Chip designers and manufacturers are essential to implementing a coordinated development pause. “In this world,” Anthropic asserts, “the pace of progress in AI development becomes determined entirely by the availability of compute.”

Total available computing capacity from AI chips across all major designers has grown by more than 300 percent per year since 2022. Nvidia, AMD, and Intel lead the global market. With $165 billion in annual revenue, TSMC of Taiwan dominates the overall semiconductor manufacturing, including the fabrication of custom AI processors. Without controlling the AI industry supply chain, including monitoring with the deployment of physical verification mechanisms, enforcing a pause in advanced AI model development would be infeasible.

China is unlikely to play ball. Anthropic is silent on perhaps the single greatest barrier to AI arms control. The word “China” never appears in Anthropic’s analysis of managing the recursive self-improvement transition. The company barely acknowledges the broader geopolitical environment, a major driver of the current AI competition.

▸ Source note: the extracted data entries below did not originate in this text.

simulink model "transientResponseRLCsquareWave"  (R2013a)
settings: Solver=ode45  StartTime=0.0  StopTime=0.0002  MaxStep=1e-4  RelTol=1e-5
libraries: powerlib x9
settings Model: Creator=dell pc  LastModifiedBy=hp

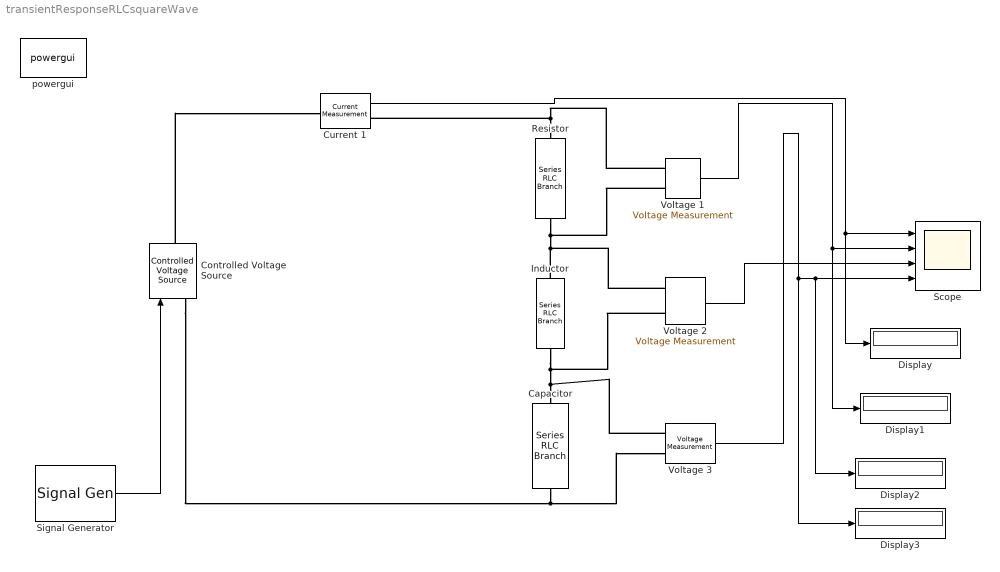
== system transientResponseRLCsquareWave ==
  Capacitor : powerlib/Elements/Series RLC Branch  LConnTagsString=__new0  RConnTagsString=__new0  BranchType=C  Resistance=1  Inductance=1e-3  SetiL0=off  InitialCurrent=0  Capacitance=0.05e-6  Setx0=off  InitialVoltage=0  Measurements=Branch voltage and current
  Controlled Voltage Source : powerlib/Electrical Sources/Controlled Voltage Source  Initialize=on  Source_Type=AC  Amplitude=0  Phase=0  Frequency=0.05  Measurements=None
  Current 1 : powerlib/Measurements/Current Measurement  PhasorSimulation=off  OutputType=Complex  PSBequivalent=0
  Display{,1..3} (4 alike) : Display
  Inductor : powerlib/Elements/Series RLC Branch  LConnTagsString=__new0  RConnTagsString=__new0  BranchType=L  Resistance=1  Inductance=1e-3  SetiL0=off  InitialCurrent=0  Capacitance=1e-6  Setx0=off  InitialVoltage=0  Measurements=None
  "Resistor " : powerlib/Elements/Series RLC Branch  LConnTagsString=__new0  RConnTagsString=__new0  BranchType=R  Resistance=20  Inductance=1e-3  SetiL0=off  InitialCurrent=0  Capacitance=1e-6  Setx0=off  InitialVoltage=0  Measurements=Branch voltage and current
  Scope : Scope  NumInputPorts=4
      settings: TimeRange=0.0001  YMin=-5~-5~-5~-5  YMax=5~5~5~5  SaveName=tt
  Signal Generator : SignalGenerator  WaveForm=square  Amplitude=20  Frequency=0.05
  Voltage 1 : powerlib/Measurements/Voltage Measurement  PhasorSimulation=off  OutputType=Complex  PSBequivalent=0
  Voltage 2 : powerlib/Measurements/Voltage Measurement  PhasorSimulation=off  OutputType=Complex  PSBequivalent=0
  Voltage 3 : powerlib/Measurements/Voltage Measurement  PhasorSimulation=off  OutputType=Complex  PSBequivalent=0
  powergui : powerlib/powergui  Priority=1  SimulationMode=Continuous  SolverType=Tustin  SampleTime=50e-6  frequency=60  SPID=off  DisableSnubberDevices=off  DisableRonSwitches=off  DisableVfSwitches=off  SwTol=0  Interpol=off  DisplayEquations=off  frequencyindice=0.05  Pbase=100e6  ErrMax=1e-4  Iterations=50  UnitsV=kV  UnitsW=MW  FunctionMessages=off  echomessages=off  HookPort=off  EnableUseOfTLC=off  x0status=blocks  RestoreLinks=warning  ResistiveCurrentMeasurement=off  Frange=[0:2:500]  Ylog=off  Xlog=on  ShowGrid=off  save=off  variable=ZData  ZoomFFT=off  StartTime=0.0  cycles=1  DisplayStyle=1  fundamental=60  FreqAxis=off  MaxFrequency=1000  frequencyindicesteady=1  RmsSteady=1  display=off  Ts=0  methode=off
  wires:
  Signal Generator/1 -> Controlled Voltage Source/1
  Voltage 3/1 -> Display3/1, Display2/1, Scope/4
  Voltage 1/1 -> Display1/1, Scope/2
  Current 1/1 -> Scope/1, Display/1
  Voltage 2/1 -> Scope/3
  connections:
  "Resistor "/RConn1 -- Inductor/LConn1 -- Voltage 2/LConn1 -- Voltage 1/LConn2
  Voltage 2/LConn2 -- Voltage 3/LConn1 -- Capacitor/LConn1 -- Inductor/RConn1
  Controlled Voltage Source/RConn1 -- Current 1/LConn1
  Controlled Voltage Source/LConn1 -- Voltage 3/LConn2 -- Capacitor/RConn1
  Voltage 1/LConn1 -- "Resistor "/LConn1 -- Current 1/RConn1

The United States appears to be ahead in developing advanced AI models, overshadowing Chinese AI labs such as DeepSeek, Alibaba Qwen, and ByteDance Seed. But that advantage may be evanescent because it is primarily based on the greater access U.S. AI companies presently have to industrial “compute” capacity, a lead China is determined to erase. Without Beijing, a global AI development pause will be out of reach. China has expressed some interest in security safeguards, but largely to dull the U.S. edge in the global AI race.

Will explosive growth spark a collective response?

Just a few years ago AI scientists regarded recursive self-improvement as an intriguing but hypothetical breakthrough. The locus of expert opinion has shifted, reflecting the spectacular advances in new AI models, which are pumped into the world on average every four months. When AI can refine, perfect, and replicate itself—and models can communicate in an opaque mathematical language while evading termination by self-exfiltrating across global computer networks—fundamental human control over the technology could evaporate.

Anthropic, alone among its rivals so far, has persuasively demonstrated through its own explosive growth and very recent history that this next paradigm of AI may arrive quickly. Logic suggests that two choices await. Industry leaders can be passive, allowing the future to unfold without attempting to shape it. Or alternatively a collective effort—even one confronting steep odds—can be catalyzed to attempt something coherent to prepare for a very dangerous tomorrow. Anthropic seems to be committed to the latter path. As the company would say, pursuing this mission, despite its severe challenges, seems “likely to be a good thing.”

This work represents the views and opinions solely of the author. The Council on Foreign Relations is an independent, nonpartisan membership organization, think tank, and publisher, and takes no institutional positions on matters of policy.